Cyber Liability is certainly one of the hottest topics in both the media and insurance industry today. It seems like headlines and news stories announce new victims of data theft almost on a weekly basis.
But even with all the attention that personal data theft and cyber liability are getting, many insurance professionals are still reluctant to engage their insurance clients on the personal data theft and cyber liability exposures that face them. In most cases, the lack of familiarity suggests there is a need for an organized approach to assessing personal data theft and cyber liability exposures.
Here is a basic overview of who has an exposure and the options available to deal with it.
Does my client have personal data theft or cyber liability exposures?
If your client stores or collects personally identifiable information in either a written or electronic format, they have an exposure. In the event of either a physical theft or an electronic theft of the information stored, your client could be financially impacted in multiple ways.
Your client’s liability to those whose records have been impacted could be only part of the total cost. There are 47 states and multiple federal agencies with laws and rules regarding personally identifiable information and the required notification to and monitoring of record holders following a breach.
You’ve probably received a letter yourself letting you know that your record may have been compromised and that your credit will be monitored. Did you know the estimated cost of everything going on behind that letter is $228 per record?
To put this in perspective, insureds with just 250 records at an estimated cost of $228 for monitoring and notification per record would incur a cost of $57,000. That’s before anyone loses a dime as a result of the theft. Few businesses deal with fewer than 250 customers over time.
Most definitions of personally identifiable information in legislation include name, address, date of birth, Social Security number, credit card numbers, email addresses and passwords as information that must be safeguarded.
Be aware that definitions of personally identifiable information are expanding.
Does your client interact with the internet?
Many companies actually conduct business via their website accepting credit card payments either directly or through a third party vendor that they link to.

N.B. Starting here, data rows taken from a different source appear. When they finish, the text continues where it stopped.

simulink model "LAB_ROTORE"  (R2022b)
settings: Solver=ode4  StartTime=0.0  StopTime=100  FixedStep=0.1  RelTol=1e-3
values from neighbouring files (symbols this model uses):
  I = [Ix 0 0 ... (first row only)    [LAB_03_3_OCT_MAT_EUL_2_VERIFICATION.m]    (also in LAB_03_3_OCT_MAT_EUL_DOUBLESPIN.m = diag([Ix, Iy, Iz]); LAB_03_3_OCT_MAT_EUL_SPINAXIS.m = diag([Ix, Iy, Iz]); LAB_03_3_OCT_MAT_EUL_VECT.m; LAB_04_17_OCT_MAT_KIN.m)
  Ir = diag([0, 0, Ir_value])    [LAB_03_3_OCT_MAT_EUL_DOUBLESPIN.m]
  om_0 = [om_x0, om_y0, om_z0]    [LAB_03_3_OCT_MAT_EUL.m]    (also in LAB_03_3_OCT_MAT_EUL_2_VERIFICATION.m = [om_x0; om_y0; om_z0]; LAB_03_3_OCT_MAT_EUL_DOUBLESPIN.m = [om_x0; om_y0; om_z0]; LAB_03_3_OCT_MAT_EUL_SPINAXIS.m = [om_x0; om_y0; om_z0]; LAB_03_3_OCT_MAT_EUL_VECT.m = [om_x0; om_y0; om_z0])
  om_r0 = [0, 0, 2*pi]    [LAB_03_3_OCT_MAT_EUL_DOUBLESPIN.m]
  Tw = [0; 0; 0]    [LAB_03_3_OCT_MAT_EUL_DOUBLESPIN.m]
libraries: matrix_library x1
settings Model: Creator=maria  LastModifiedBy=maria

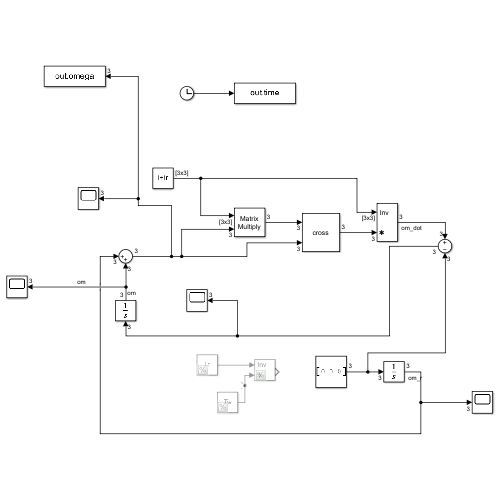
[thumbnail: Simulink's stored preview of the top-level diagram]
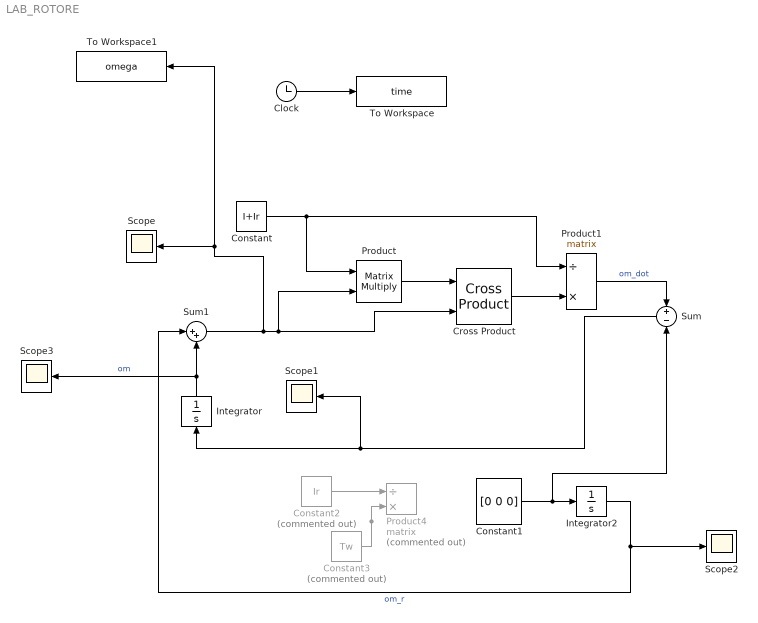
== system LAB_ROTORE ==
  Clock : Clock
  Constant : Constant  Value=I+Ir
  Constant1 : Constant  Value=[0 0 0]
  Constant2 : Constant  Commented=on  Value=Ir
  Constant3 : Constant  Commented=on  Value=Tw
  Cross Product : matrix_library/Cross Product
  Integrator : Integrator  InitialCondition=om_0
  Integrator2 : Integrator  InitialCondition=om_r0
  Product : Product  Multiplication=Matrix(*)
  Product1 : Product  Inputs=/*  Multiplication=Matrix(*)
  Product4 : Product  Commented=on  Inputs=/*  Multiplication=Matrix(*)
  Scope{,1..3} (4 alike) : Scope
  Sum : Sum  Inputs=+-
  Sum1 : Sum  Inputs=|++
  To Workspace : ToWorkspace  VariableName=time  SaveFormat=Timeseries  SampleTime=-1
  To Workspace1 : ToWorkspace  VariableName=omega  SaveFormat=Timeseries  SampleTime=-1
  wires:
  Product1/1 -> Sum/1  "om_dot"
  Sum/1 -> Scope1/1, Integrator/1
  Constant3/1 -> Product4/2
  Product/1 -> Cross Product/1
  Constant/1 -> Product/1, Product1/1
  Integrator/1 -> Scope3/1, Sum1/2  "om"
  Cross Product/1 -> Product1/2
  Clock/1 -> To Workspace/1
  Constant2/1 -> Product4/1
  Integrator2/1 -> Scope2/1, Sum1/1  "om_r"
  Sum1/1 -> To Workspace1/1, Scope/1, Product/2, Cross Product/2
  Constant1/1 -> Sum/2, Integrator2/1

Companies also use their website, Facebook or LinkedIn page as a source of communication with their clients. Companies also upload and download data to third party vendors. Consider your agency using a rating program for a carrier. Imagine a virus being uploaded from your system disabling the carrier’s site. Many businesses interact similarly within their industries.
How should you deal with exposures?
Almost every business has some exposure. Now, what’s the best way to deal with the exposure?
Avoidance is one method. If your clients do not have an incident or a breach they are all set. The other name for this is luck. Statistics would argue against relying on luck. More than nine million Americans have been victims of identity theft resulting in more than $5 billion in losses. Over the next few years it is estimated that almost everyone in the U.S. will be a victim of some form of identity theft.
Security is another method. Increasing security and expanding training in the handling of information is a great way of protecting information and networks from threats. Internal protocols, access limitation and training can reduce the possibility of rogue employees, accidental dissemination or external hackers gaining unauthorized access.
While most companies agree the expense of security is more than worth the cost of a serious system breach, it is almost weekly that we hear of a top company having their sophisticated system breached.
Finally we come to insurance. While insurance neither prevents nor deters cyber attacks, it does reduce the financial impact following an incident or breach. Additionally, insurance programs can be designed to cover multiple data and cyber liability exposures within a budget. Most policies today also provide an emergency response service that immediately responds and assumes management of the incident.
In summary, almost every client has some personal data theft or cyber liability exposures. If they store or collect personally identifiable information or interact with the internet there is some level of exposure. Security and training can minimize the potential of an incident but most prudent business owners would supplement this with some level of insurance protection given the statistics and trends.